**Aim of the exercise:**
Filter the data for lines with the word "units", then copy every line so identified.

(Saved data entries)
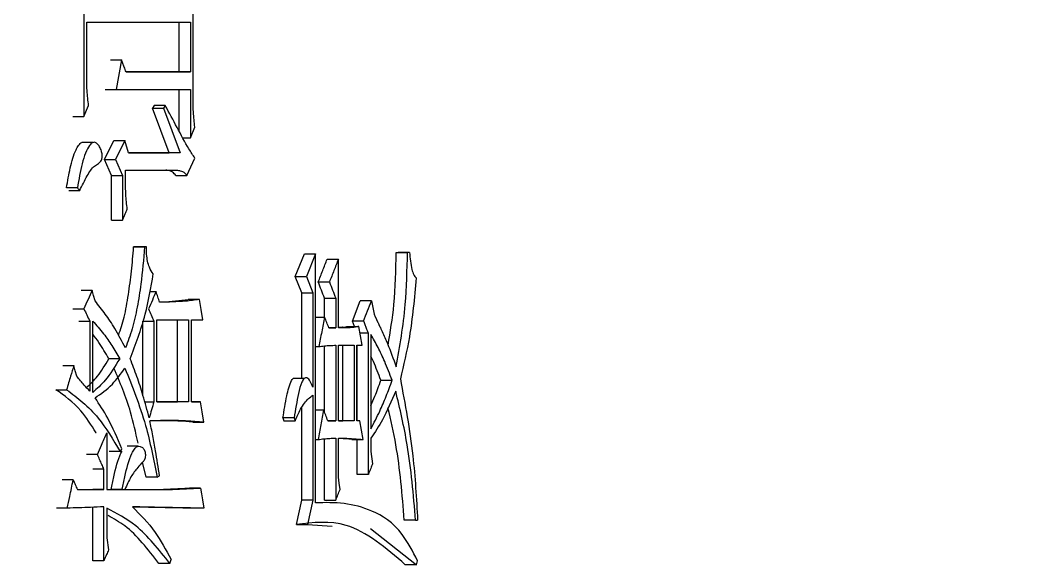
# Model space of a CAD drawing. Header units: millimetres. Extents: x 2687 to 4367, y 1046 to 2234.
# Drawn here: x 3500.02 to 3508.15, y 1383.88 to 1388.26 of the extents above; entities that cross this region are included whole.
import ezdxf

# ---------------------------------------------------------------- set-up
doc = ezdxf.new("R2010")
doc.units = ezdxf.units.MM

msp = doc.modelspace()

# ---------------------------------------------------------------- linework, layer by layer
at = {"color": 7, "linetype": 'Continuous', "lineweight": 25}
for p, q in [((3501.4088, 1387.6146), (3501.4088, 1389.2047)), ((3500.5311, 1388.772), (3500.5311, 1387.4848)), ((3500.5548, 1388.242), (3501.3861, 1388.242)), ((3500.5548, 1387.7877), (3500.5548, 1388.242)), ((3501.2975, 1387.8418), (3501.2975, 1388.242)), ((3501.3861, 1388.242), (3501.3861, 1387.8418)), ((3500.7449, 1387.9391), (3500.8327, 1387.9391)), ((3500.8327, 1387.9391), (3500.7906, 1387.7011)), ((3501.3861, 1387.8418), (3500.8701, 1387.8418)), ((3500.8701, 1387.8418), (3501.2975, 1387.8418)), ((3501.2975, 1387.8418), (3501.3861, 1387.8418)), ((3500.7028, 1387.7011), (3500.7906, 1387.7011)), ((3500.7906, 1387.7011), (3501.3861, 1387.7011)), ((3501.2975, 1387.3634), (3501.2975, 1387.7011)), ((3501.3861, 1387.7011), (3501.3861, 1387.3117)), ((3500.5311, 1387.4848), (3500.569, 1387.5713)), ((3501.0967, 1387.5713), (3501.083, 1387.5497)), ((3501.083, 1387.5497), (3501.1712, 1387.5497)), ((3501.2156, 1387.1927), (3501.083, 1387.5497)), ((3501.185, 1387.5713), (3501.0967, 1387.5713)), ((3501.185, 1387.5713), (3501.1712, 1387.5497)), ((3501.1712, 1387.5497), (3501.3041, 1387.1927)), ((3500.4437, 1387.4848), (3500.5311, 1387.4848)), ((3501.3861, 1387.3117), (3501.4224, 1387.3983)), ((3500.603, 1387.2742), (3500.5149, 1387.2742)), ((3500.6981, 1387.1386), (3500.7729, 1387.2901)), ((3500.7729, 1387.2901), (3500.8607, 1387.2901)), ((3500.8607, 1387.2901), (3500.7859, 1387.1386)), ((3500.8887, 1387.1927), (3500.8607, 1387.2901)), ((3501.326, 1387.3117), (3501.3861, 1387.3117)), ((3501.3041, 1387.1927), (3500.8887, 1387.1927)), ((3500.8887, 1387.1927), (3501.2156, 1387.1927)), ((3501.3041, 1387.1927), (3501.2156, 1387.1927)), ((3500.6981, 1387.1386), (3500.7859, 1387.1386)), ((3500.7542, 1387.0088), (3500.6981, 1387.1386)), ((3500.7859, 1387.1386), (3500.842, 1387.0088)), ((3501.3588, 1387.0088), (3501.4224, 1387.1495)), ((3500.8654, 1387.0521), (3501.2767, 1387.0521)), ((3500.8654, 1386.9547), (3500.8654, 1387.0521)), ((3501.1883, 1387.0521), (3501.2767, 1387.0521)), ((3500.7542, 1387.0088), (3500.842, 1387.0088)), ((3500.7542, 1386.6519), (3500.7542, 1387.0088)), ((3500.842, 1387.0088), (3500.842, 1386.6519)), ((3500.4788, 1386.9115), (3500.3914, 1386.9115)), ((3500.4104, 1386.8898), (3500.4978, 1386.8898)), ((3500.7542, 1386.6519), (3500.842, 1386.6519)), ((3500.9308, 1386.4355), (3501.0189, 1386.4355)), ((3501.0328, 1386.4355), (3500.9447, 1386.4355)), ((3501.0328, 1386.4355), (3501.0189, 1386.4355)), ((3502.229, 1386.1976), (3502.3021, 1386.3815)), ((3502.3021, 1386.3815), (3502.3919, 1386.3815)), ((3502.3919, 1386.3815), (3502.3188, 1386.1976)), ((3502.3919, 1384.3802), (3502.3919, 1386.3815)), ((3503.0392, 1386.3923), (3503.13, 1386.3923)), ((3503.1464, 1386.3923), (3503.0555, 1386.3923)), ((3503.1464, 1386.3923), (3503.13, 1386.3923)), ((3502.5755, 1385.7865), (3502.5755, 1386.3382)), ((3502.229, 1386.1976), (3502.3188, 1386.1976)), ((3502.2806, 1386.0678), (3502.229, 1386.1976)), ((3502.3188, 1386.1976), (3502.3705, 1386.0678)), ((3502.4131, 1386.1543), (3502.5032, 1386.1543)), ((3500.5099, 1386.0893), (3500.5974, 1386.0893)), ((3501.06, 1386.0785), (3501.1114, 1386.0785)), ((3502.2806, 1386.0678), (3502.3705, 1386.0678)), ((3502.2806, 1385.3789), (3502.2806, 1386.0678)), ((3502.3705, 1386.0678), (3502.3704, 1385.3105)), ((3501.4587, 1386.0136), (3501.37, 1386.0136)), ((3502.4642, 1386.0245), (3502.5542, 1386.0245)), ((3502.4642, 1385.873), (3502.4642, 1386.0245)), ((3502.5542, 1386.0245), (3502.5542, 1385.7865)), ((3502.6875, 1385.8406), (3502.7502, 1386.0029)), ((3502.8406, 1386.0029), (3502.7502, 1386.0029)), ((3502.8406, 1386.0029), (3502.8615, 1385.8947)), ((3500.4436, 1385.9379), (3500.5311, 1385.9379)), ((3500.5785, 1385.8406), (3500.5785, 1385.2781)), ((3500.6022, 1385.2672), (3500.6022, 1385.8406)), ((3501.0047, 1385.2459), (3501.0047, 1385.8406)), ((3501.0929, 1385.8406), (3501.0929, 1385.1915)), ((3501.116, 1385.1915), (3501.116, 1385.8514)), ((3501.116, 1385.8514), (3501.3724, 1385.8514)), ((3501.2839, 1385.1915), (3501.2839, 1385.8514)), ((3501.3724, 1385.8514), (3501.3724, 1385.1915)), ((3501.3952, 1385.1915), (3501.3952, 1385.8514)), ((3501.3952, 1385.8514), (3501.4858, 1385.8514)), ((3502.3919, 1385.873), (3502.4647, 1385.873)), ((3502.7043, 1385.7973), (3502.6875, 1385.8406)), ((3502.7779, 1385.8406), (3502.6875, 1385.8406)), ((3502.5542, 1385.7865), (3502.4989, 1385.7865)), ((3502.4989, 1385.7865), (3502.5542, 1385.7865)), ((3502.6498, 1385.7973), (3502.7402, 1385.7973)), ((3502.8156, 1385.7432), (3502.7492, 1385.7432)), ((3502.8156, 1384.6074), (3502.8156, 1385.7432)), ((3502.8365, 1385.7324), (3502.8365, 1384.9752)), ((3502.5542, 1385.6459), (3502.5542, 1385.0401)), ((3502.5755, 1385.0401), (3502.5755, 1385.6459)), ((3502.5755, 1385.6459), (3502.7023, 1385.6459)), ((3502.612, 1385.0401), (3502.612, 1385.6459)), ((3502.7023, 1385.6459), (3502.7023, 1385.0401)), ((3502.7233, 1385.6459), (3502.7653, 1385.6459)), ((3502.7233, 1385.0401), (3502.7233, 1385.6459)), ((3502.7251, 1385.0401), (3502.7252, 1385.6459)), ((3502.3919, 1385.6351), (3502.4177, 1385.6351)), ((3502.4641, 1385.1065), (3502.4642, 1385.6414)), ((3500.3629, 1385.4836), (3500.4502, 1385.4836)), ((3502.3014, 1385.3789), (3502.2109, 1385.3789)), ((3502.916, 1385.3646), (3503.0067, 1385.3646)), ((3500.3056, 1385.2888), (3500.3929, 1385.2888)), ((3502.3704, 1385.2456), (3502.3704, 1384.4019)), ((3501.0199, 1385.1915), (3501.0929, 1385.1915)), ((3501.3724, 1385.1915), (3501.116, 1385.1915)), ((3501.116, 1385.1915), (3501.2839, 1385.1915)), ((3501.3724, 1385.1915), (3501.2839, 1385.1915)), ((3501.4677, 1385.1915), (3501.3952, 1385.1915)), ((3501.3952, 1385.1915), (3501.4677, 1385.1915)), ((3502.2806, 1384.4019), (3502.2806, 1385.1466)), ((3502.3919, 1385.1266), (3502.4562, 1385.1266)), ((3501.4061, 1385.0293), (3501.3218, 1385.0357)), ((3501.4061, 1385.0293), (3501.4949, 1385.0293)), ((3502.2193, 1385.0617), (3502.1297, 1385.0617)), ((3502.1297, 1385.0617), (3502.1383, 1385.0401)), ((3502.1383, 1385.0401), (3502.228, 1385.0401)), ((3502.2193, 1385.0617), (3502.228, 1385.0401)), ((3502.5542, 1385.0401), (3502.4904, 1385.0401)), ((3502.4904, 1385.0401), (3502.5542, 1385.0401)), ((3502.7023, 1385.0401), (3502.5755, 1385.0401)), ((3502.5755, 1385.0401), (3502.612, 1385.0401)), ((3502.7023, 1385.0401), (3502.612, 1385.0401)), ((3502.7485, 1385.0401), (3502.7233, 1385.0401)), ((3502.7485, 1385.0401), (3502.7233, 1385.0401)), ((3500.6297, 1384.9427), (3500.6277, 1384.9427)), ((3500.7154, 1384.9427), (3500.7154, 1384.4884)), ((3500.9683, 1384.8348), (3500.8798, 1384.8348)), ((3502.3919, 1384.8887), (3502.4134, 1384.8887)), ((3502.4641, 1384.4019), (3502.4641, 1384.8946)), ((3502.5542, 1384.8995), (3502.5542, 1384.4019)), ((3502.5755, 1384.5858), (3502.5755, 1384.8995)), ((3502.6833, 1384.8887), (3502.7737, 1384.8887)), ((3502.7251, 1384.6074), (3502.7251, 1384.8887)), ((3502.8365, 1384.8995), (3502.8365, 1384.7913)), ((3500.64, 1384.7696), (3500.5524, 1384.7696)), ((3500.8233, 1384.7912), (3500.7354, 1384.7912)), ((3502.8365, 1384.7913), (3502.849, 1384.694)), ((3501.0323, 1384.5857), (3501.003, 1384.7072)), ((3500.6918, 1384.6506), (3500.6042, 1384.6506)), ((3500.6918, 1384.4884), (3500.6918, 1384.6506)), ((3501.1205, 1384.5857), (3501.0323, 1384.5857)), ((3501.1205, 1384.5857), (3501.139, 1384.5966)), ((3502.8156, 1384.6074), (3502.7251, 1384.6074)), ((3500.4454, 1384.5641), (3500.3581, 1384.5641)), ((3500.4788, 1384.4884), (3500.6918, 1384.4884)), ((3500.4788, 1384.4884), (3500.6042, 1384.4884)), ((3500.6918, 1384.4884), (3500.6042, 1384.4884)), ((3500.7154, 1384.4884), (3500.8373, 1384.4884)), ((3500.7154, 1384.4884), (3500.7495, 1384.4884)), ((3500.8373, 1384.4884), (3500.7495, 1384.4884)), ((3500.8379, 1384.4884), (3501.1517, 1384.4884)), ((3500.8607, 1384.4884), (3501.24, 1384.4884)), ((3501.1517, 1384.4884), (3501.24, 1384.4884)), ((3501.4677, 1384.4992), (3501.379, 1384.4992)), ((3500.6042, 1383.9151), (3500.6042, 1384.3445)), ((3500.6918, 1383.9151), (3500.6918, 1384.3478)), ((3502.2376, 1384.2072), (3502.2806, 1384.4019)), ((3502.3704, 1384.4019), (3502.2806, 1384.4019)), ((3502.3704, 1384.4019), (3502.3274, 1384.2072)), ((3500.3977, 1384.3369), (3500.3104, 1384.3369)), ((3500.7154, 1384.3369), (3500.7154, 1384.099)), ((3501.4949, 1384.337), (3501.4061, 1384.337)), ((3502.2376, 1384.2072), (3502.3274, 1384.2072)), ((3502.3274, 1384.2072), (3502.5255, 1384.1939)), ((3503.1953, 1384.2396), (3503.1044, 1384.2396)), ((3503.1953, 1384.2396), (3503.2116, 1384.2396)), ((3500.7154, 1384.099), (3500.7295, 1384.0016)), ((3502.8342, 1384.1733), (3503.2035, 1383.8826)), ((3500.6918, 1383.9151), (3500.6042, 1383.9151)), ((3501.2217, 1383.8934), (3501.1333, 1383.8934)), ((3501.2217, 1383.8934), (3501.2309, 1383.9258)), ((3503.2035, 1383.8826), (3503.1126, 1383.8826)), ((3503.2035, 1383.8826), (3503.2117, 1383.9151))]:
    msp.add_line(p, q, dxfattribs=at)
at = {"color": 7, "linetype": 'Continuous', "lineweight": 25, "flags": 128}
for points in [[(3501.2703, 1387.0088), (3501.2926, 1387.0088), (3501.315, 1387.0088), (3501.3588, 1387.0088)], [(3502.4854, 1386.3382), (3502.5304, 1386.3382), (3502.5755, 1386.3382)], [(3500.6211, 1386.0028), (3500.6093, 1386.0461), (3500.5974, 1386.0893)], [(3501.4858, 1385.8514), (3501.4723, 1385.9325), (3501.4587, 1386.0136)], [(3500.491, 1385.8406), (3500.5347, 1385.8406), (3500.5785, 1385.8406)], [(3501.0047, 1385.8406), (3501.0488, 1385.8406), (3501.0929, 1385.8406)], [(3502.7653, 1385.6459), (3502.7528, 1385.7216), (3502.7402, 1385.7973)], [(3500.474, 1385.397), (3500.4621, 1385.4403), (3500.4502, 1385.4836)], [(3500.8186, 1385.5377), (3500.7956, 1385.5377), (3500.7726, 1385.5377), (3500.7308, 1385.5377)], [(3501.4949, 1385.0293), (3501.4813, 1385.1104), (3501.4677, 1385.1915)], [(3502.7737, 1384.8887), (3502.7611, 1384.9644), (3502.7485, 1385.0401)], [(3500.8233, 1384.7912), (3500.8268, 1384.7967), (3500.8321, 1384.8048), (3500.8373, 1384.8129)], [(3502.5882, 1384.4884), (3502.5818, 1384.5371), (3502.5755, 1384.5858)], [(3501.4677, 1384.4992), (3501.4756, 1384.4522), (3501.4834, 1384.4052), (3501.4949, 1384.337)], [(3502.4641, 1384.4019), (3502.4869, 1384.4019), (3502.5096, 1384.4019), (3502.5542, 1384.4019)]]:
    msp.add_lwpolyline(points, dxfattribs=at)
at = {"color": 7, "linetype": 'Continuous', "lineweight": 25}
for points, knots in [([(3433.103, 1384.9982), (3435.6633, 1385.0231), (3439.2437, 1385.0579), (3444.513, 1385.3366), (3448.9774, 1385.672), (3454.2935, 1386.2376), (3459.8625, 1387.0109), (3465.6759, 1388.0209), (3471.6471, 1389.277), (3477.7232, 1390.7877), (3483.8611, 1392.5584), (3490.0263, 1394.5925), (3496.1899, 1396.892), (3502.3267, 1399.4573), (3508.4149, 1402.2876), (3514.4344, 1405.3814), (3520.3671, 1408.736), (3526.1963, 1412.3482), (3531.906, 1416.2138), (3537.4816, 1420.3279), (3542.9088, 1424.6851), (3548.1745, 1429.2793), (3553.2658, 1434.1039), (3558.1707, 1439.1515), (3562.8776, 1444.4144), (3567.3754, 1449.8844), (3571.6536, 1455.5526), (3575.7023, 1461.4099), (3579.512, 1467.4465), (3583.0736, 1473.6524), (3586.3788, 1480.017), (3589.4197, 1486.5295), (3592.1888, 1493.1788), (3594.6792, 1499.9532), (3596.8846, 1506.8408), (3598.7993, 1513.8297), (3600.4178, 1520.9073), (3601.7357, 1528.0609), (3602.7486, 1535.2779), (3603.453, 1542.5451), (3603.8458, 1549.8493), (3603.9247, 1557.1772), (3603.6878, 1564.5152), (3603.1336, 1571.8499), (3602.2614, 1579.1676), (3601.0711, 1586.4546), (3599.563, 1593.6972), (3597.7379, 1600.8818), (3595.5975, 1607.9947), (3593.1436, 1615.0222), (3590.3788, 1621.9508), (3587.3061, 1628.7671), (3583.929, 1635.4577), (3580.2514, 1642.0096), (3576.2777, 1648.4096), (3572.0127, 1654.645), (3567.4616, 1660.703), (3562.6296, 1666.5713), (3557.5225, 1672.2377), (3552.1459, 1677.6903), (3546.6992, 1682.7379), (3541.2258, 1687.3901), (3535.7676, 1691.6596), (3530.1427, 1695.7019), (3524.3612, 1699.5104), (3518.4338, 1703.0785), (3512.3713, 1706.4005), (3506.1855, 1709.4708), (3499.8889, 1712.2842), (3493.4952, 1714.8362), (3487.02, 1717.1223), (3480.4823, 1719.1385), (3473.9074, 1720.8811), (3467.3346, 1722.3459), (3460.8407, 1723.5274), (3454.5512, 1724.4245), (3449.0275, 1725.008), (3444.1447, 1725.3756), (3439.3206, 1725.6153), (3433.3462, 1725.7324), (3427.8294, 1725.6221), (3422.5602, 1725.3503), (3418.0958, 1725.0129), (3412.7797, 1724.4479), (3407.2107, 1723.6744), (3401.3973, 1722.6644), (3395.4261, 1721.4084), (3389.35, 1719.8977), (3383.2121, 1718.127), (3377.0468, 1716.0928), (3370.8833, 1713.7933), (3364.7465, 1711.2281), (3358.6583, 1708.3978), (3352.6388, 1705.304), (3346.7061, 1701.9493), (3340.8769, 1698.3372), (3335.1672, 1694.4716), (3329.5916, 1690.3575), (3324.1643, 1686.0003), (3318.8987, 1681.4061), (3313.8073, 1676.5815), (3308.9025, 1671.5339), (3304.1956, 1666.2709), (3299.6978, 1660.801), (3295.4196, 1655.1327), (3291.3709, 1649.2755), (3287.5613, 1643.2389), (3283.9995, 1637.033), (3280.6947, 1630.6682), (3277.652, 1624.1563), (3274.89, 1617.5048), (3272.553, 1611.2228), (3271.2745, 1607.1176), (3270.7112, 1605.3092)], [0, 0, 0, 0, 0.010207, 0.014274, 0.021037, 0.028056, 0.035587, 0.043451, 0.051578, 0.059911, 0.06841, 0.077044, 0.085791, 0.094634, 0.103558, 0.112554, 0.121612, 0.130726, 0.13989, 0.149098, 0.158347, 0.167633, 0.176954, 0.186306, 0.195688, 0.205098, 0.214535, 0.223996, 0.233481, 0.242989, 0.252518, 0.262068, 0.271639, 0.281229, 0.290838, 0.300466, 0.310113, 0.319778, 0.329461, 0.339162, 0.348881, 0.358618, 0.368373, 0.378146, 0.387938, 0.397748, 0.407578, 0.417427, 0.427296, 0.437185, 0.447097, 0.457031, 0.466988, 0.47697, 0.486979, 0.497016, 0.507082, 0.517181, 0.527315, 0.537488, 0.547704, 0.556915, 0.566123, 0.575327, 0.584526, 0.593719, 0.602905, 0.612082, 0.621247, 0.630396, 0.639524, 0.64862, 0.657668, 0.666638, 0.675463, 0.683979, 0.691963, 0.697606, 0.703501, 0.71122, 0.721427, 0.725494, 0.732257, 0.739276, 0.746807, 0.754671, 0.762798, 0.771131, 0.77963, 0.788264, 0.797011, 0.805853, 0.814778, 0.823774, 0.832832, 0.841946, 0.85111, 0.860318, 0.869567, 0.878853, 0.888174, 0.897526, 0.906908, 0.916318, 0.925755, 0.935216, 0.944701, 0.954208, 0.963738, 0.973288, 0.982858, 0.992449, 1, 1, 1, 1]), ([(3500.8701, 1387.8418), (3500.8651, 1387.8547), (3500.8564, 1387.8775), (3500.8439, 1387.9099), (3500.8364, 1387.9294), (3500.8327, 1387.9391)], [0, 0, 0, 0, 0.400149, 0.700074, 1, 1, 1, 1]), ([(3500.569, 1387.5713), (3500.5643, 1387.6111), (3500.5559, 1387.6822), (3500.5551, 1387.7554), (3500.5548, 1387.7877)], [0, 0, 0, 0, 0.558835, 1, 1, 1, 1]), ([(3501.4224, 1387.3983), (3501.4179, 1387.438), (3501.4099, 1387.5092), (3501.4091, 1387.5823), (3501.4088, 1387.6146)], [0, 0, 0, 0, 0.558835, 1, 1, 1, 1]), ([(3501.4224, 1387.1495), (3501.4064, 1387.1735), (3501.3565, 1387.2486), (3501.2801, 1387.3967), (3501.2167, 1387.5131), (3501.185, 1387.5713)], [0, 0, 0, 0, 0.190523, 0.595111, 1, 1, 1, 1]), ([(3500.3914, 1386.9115), (3500.401, 1386.9648), (3500.4201, 1387.0718), (3500.4526, 1387.1933), (3500.4886, 1387.2513), (3500.5053, 1387.2731), (3500.5146, 1387.274), (3500.5149, 1387.274)], [0, 0, 0, 0, 0.373793, 0.750671, 0.873294, 0.996622, 1, 1, 1, 1]), ([(3500.4978, 1386.8898), (3500.5175, 1386.9296), (3500.5536, 1387.0026), (3500.6038, 1387.0826), (3500.6425, 1387.101), (3500.6617, 1387.1162), (3500.6716, 1387.1308), (3500.6771, 1387.1456), (3500.6792, 1387.1611), (3500.6779, 1387.1821), (3500.6715, 1387.211), (3500.6585, 1387.2431), (3500.639, 1387.2662), (3500.6189, 1387.2788), (3500.5967, 1387.274), (3500.5704, 1387.2464), (3500.5291, 1387.1652), (3500.5017, 1387.0413), (3500.4846, 1386.9442), (3500.4788, 1386.9115)], [0, 0, 0, 0, 0.149443, 0.274042, 0.333076, 0.362754, 0.385188, 0.398021, 0.410985, 0.42602, 0.45239, 0.493257, 0.533496, 0.57286, 0.60517, 0.651682, 0.729284, 0.908686, 1, 1, 1, 1]), ([(3501.2703, 1387.0088), (3501.2617, 1387.0194), (3501.2477, 1387.0367), (3501.2257, 1387.0465), (3501.207, 1387.0511), (3501.1945, 1387.0518), (3501.1883, 1387.0521)], [0, 0, 0, 0, 0.3429, 0.5628483, 0.7813893, 1, 1, 1, 1]), ([(3501.2767, 1387.0521), (3501.2864, 1387.0515), (3501.3024, 1387.0506), (3501.3243, 1387.0422), (3501.3426, 1387.0305), (3501.3534, 1387.0161), (3501.3588, 1387.0088)], [0, 0, 0, 0, 0.337489, 0.556536, 0.776867, 1, 1, 1, 1]), ([(3500.8794, 1386.7384), (3500.8748, 1386.7782), (3500.8665, 1386.8493), (3500.8657, 1386.9225), (3500.8654, 1386.9547)], [0, 0, 0, 0, 0.5588391, 1, 1, 1, 1]), ([(3500.4788, 1386.9115), (3500.482, 1386.9078), (3500.4883, 1386.9006), (3500.4947, 1386.8934), (3500.4978, 1386.8898)], [0, 0, 0, 0, 0.5, 1, 1, 1, 1]), ([(3500.842, 1386.6519), (3500.8474, 1386.6642), (3500.8563, 1386.6848), (3500.8687, 1386.7137), (3500.8759, 1386.7301), (3500.8794, 1386.7384)], [0, 0, 0, 0, 0.42835, 0.71417, 1, 1, 1, 1]), ([(3500.8093, 1385.7271), (3500.8253, 1385.7741), (3500.8594, 1385.8742), (3500.8893, 1386.0529), (3500.9147, 1386.2414), (3500.9254, 1386.3707), (3500.9308, 1386.4355)], [0, 0, 0, 0, 0.22676, 0.482834, 0.740928, 1, 1, 1, 1]), ([(3501.0189, 1386.4355), (3501.0101, 1386.3356), (3500.9957, 1386.1715), (3500.9606, 1385.9521), (3500.9221, 1385.7751), (3500.8842, 1385.6743), (3500.8654, 1385.6243)], [0, 0, 0, 0, 0.344082, 0.565383, 0.784584, 1, 1, 1, 1]), ([(3500.9447, 1386.4355), (3500.9431, 1386.4355), (3500.9405, 1386.4355), (3500.9369, 1386.4355), (3500.9339, 1386.4355), (3500.9318, 1386.4355), (3500.9308, 1386.4355)], [0, 0, 0, 0, 0.34, 0.56, 0.78, 1, 1, 1, 1]), ([(3501.0883, 1386.2192), (3501.0771, 1386.2354), (3501.0584, 1386.2624), (3501.042, 1386.3209), (3501.0339, 1386.3768), (3501.0332, 1386.4159), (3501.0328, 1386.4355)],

**Result:**
# Model space of a CAD drawing. Header units: millimetres. Extents: x 2687 to 4367, y 1046 to 2234.
doc.units = ezdxf.units.MM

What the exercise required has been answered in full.